Tube Dude Lost Credibility

Other than fixing the 11 spelling mistakes in the comments made by TubeRail “Car Salesman” Pulliam, here is a free tip on trying to bring new ideas to the public: try using real facts. Once you lose your credibility, it is very difficult to ever get it back, especially from those of us that do our homework and actually work in the transportation industry.

1. Maglev in CA/NV will reach a speed of 310mph (ave of 200mph). The Shanghai Maglev system reaches a speed of 270mph (ave of 155mph). It covers 19 miles in 7min and 20 secs. Anyone who has first level mathematic skills can figure this one out.

On the other hand, TubeRail really does not know how fast it can go because they have NO DEMONSTRATION SYSTEM anywhere (unlike Maglev which has had one for 30 years and has already advanced the vehicle to its 9th version). TubeRail’s wish list is stated on their own website:

“In order to obtain a significant market share by inducing modal shift from automobiles and short haul air routes, the Tubular Rail system must be capable of traveling at speeds in the vicinity of 150 mph”

In other words, Maglev WILL reach 310 mph. TubeRail WOULD LIKE to reach 150mph.

2. The cost of the Maglev (between CA and NV) will be $45M/mile or $12 Billion total. I investigated this claim myself and found that this estimate has been accepted and approved by the Federal Railroad Admin and is published in the Government Accountability Office report.

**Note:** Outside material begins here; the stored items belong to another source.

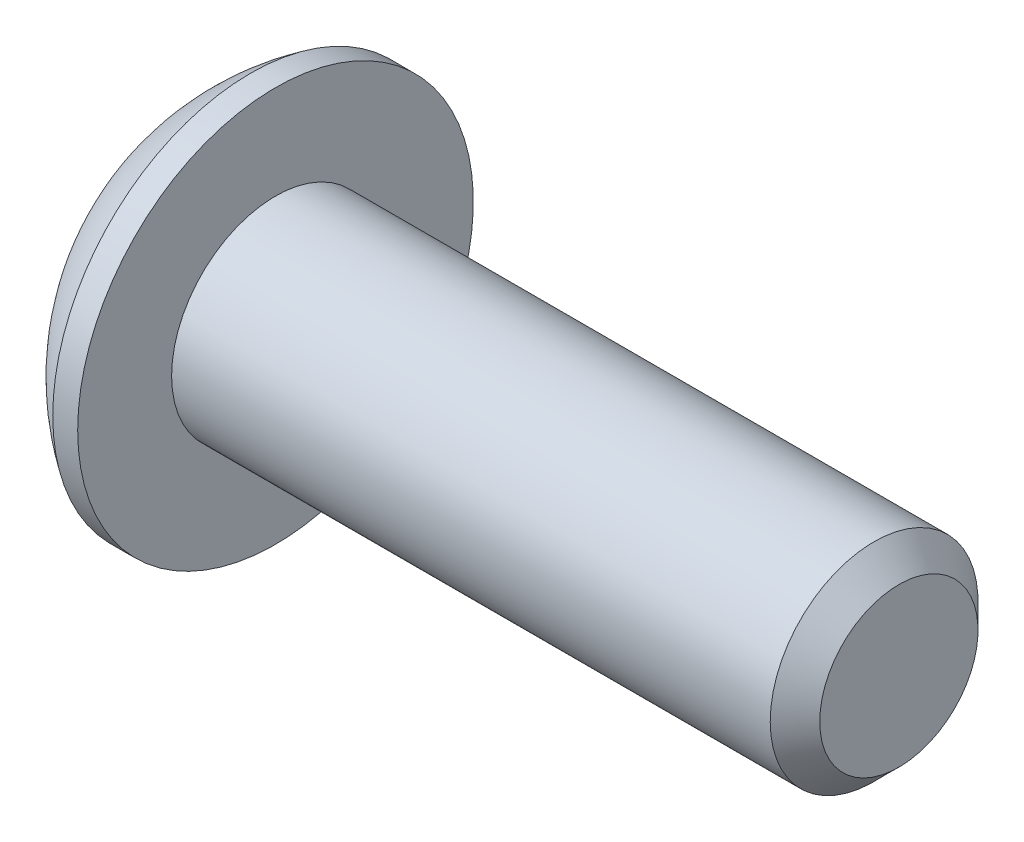
from build123d import *

# Parameters (mm, degrees)
HEX_2_DEPTH = 1.1176


with BuildPart() as part:
    # BodySke → BaseBody (revolve)
    with BuildSketch(Plane.XY, mode=Mode.PRIVATE) as basebody_sk:
        with BuildLine():
            Line((11.2014, 0), (11.2014, 1.20904))
            Line((11.2014, 1.20904), (10.82294, 1.5875))
            Line((10.82294, 1.5875), (1.6764, 1.5875))
            Line((1.6764, 1.5875), (1.6764, 3.0226))
            Line((1.6764, 3.0226), (1.2954, 3.0226))
            ThreePointArc((1.2954, 3.0226), (0.541867481, 2.357663588), (0, 1.5113))
            Line((0, 1.5113), (0, 0))
            Line((0, 0), (11.2014, 0))
        make_face()
    revolve(basebody_sk.sketch.rotate(Axis((0, 0, 0), (1, 0, 0)), 90), axis=Axis((0, 0, 0), (1, 0, 0)))

    # Sketch2 → PreBroach (revolve, cut)
    with BuildSketch(Plane.XY, mode=Mode.PRIVATE) as prebroach_sk:
        Polygon((0, 0.9906), (1.1176, 0.9906), (1.689523177, 0), (0, 0), align=None)
    revolve(prebroach_sk.sketch.rotate(Axis((0, 0, 0), (1, 0, 0)), 90), axis=Axis((0, 0, 0), (1, 0, 0)), mode=Mode.SUBTRACT)

    # Sketch3 → Hex 2 (cut)
    with BuildSketch(Plane(origin=(0, 0, 0), x_dir=(0, 0, -1), z_dir=(1, 0, 0))):
        Polygon((-0.9906, -0.571923177), (-0.9906, 0.571923177), (0, 1.143846353), (0.9906, 0.571923177), (0.9906, -0.571923177), (0, -1.143846353), align=None)
    extrude(amount=HEX_2_DEPTH, mode=Mode.SUBTRACT)


solid = part.part

Tube Rail Pulliam erroneously draws the conclusion that the Maglev system would cost $100M/mile just because this is the price given for a highly dense East Coast maglev project. That’s like saying that building a house on a flat, cleared parcel of land would cost the same as building one on a steep graded, forested mountain.

I welcome new ideas and innovation into our industry, but do so with facts. Unfortunately the engineering and facts of TubeRail Pulliam is about as accurate as his poor spelling and grammar.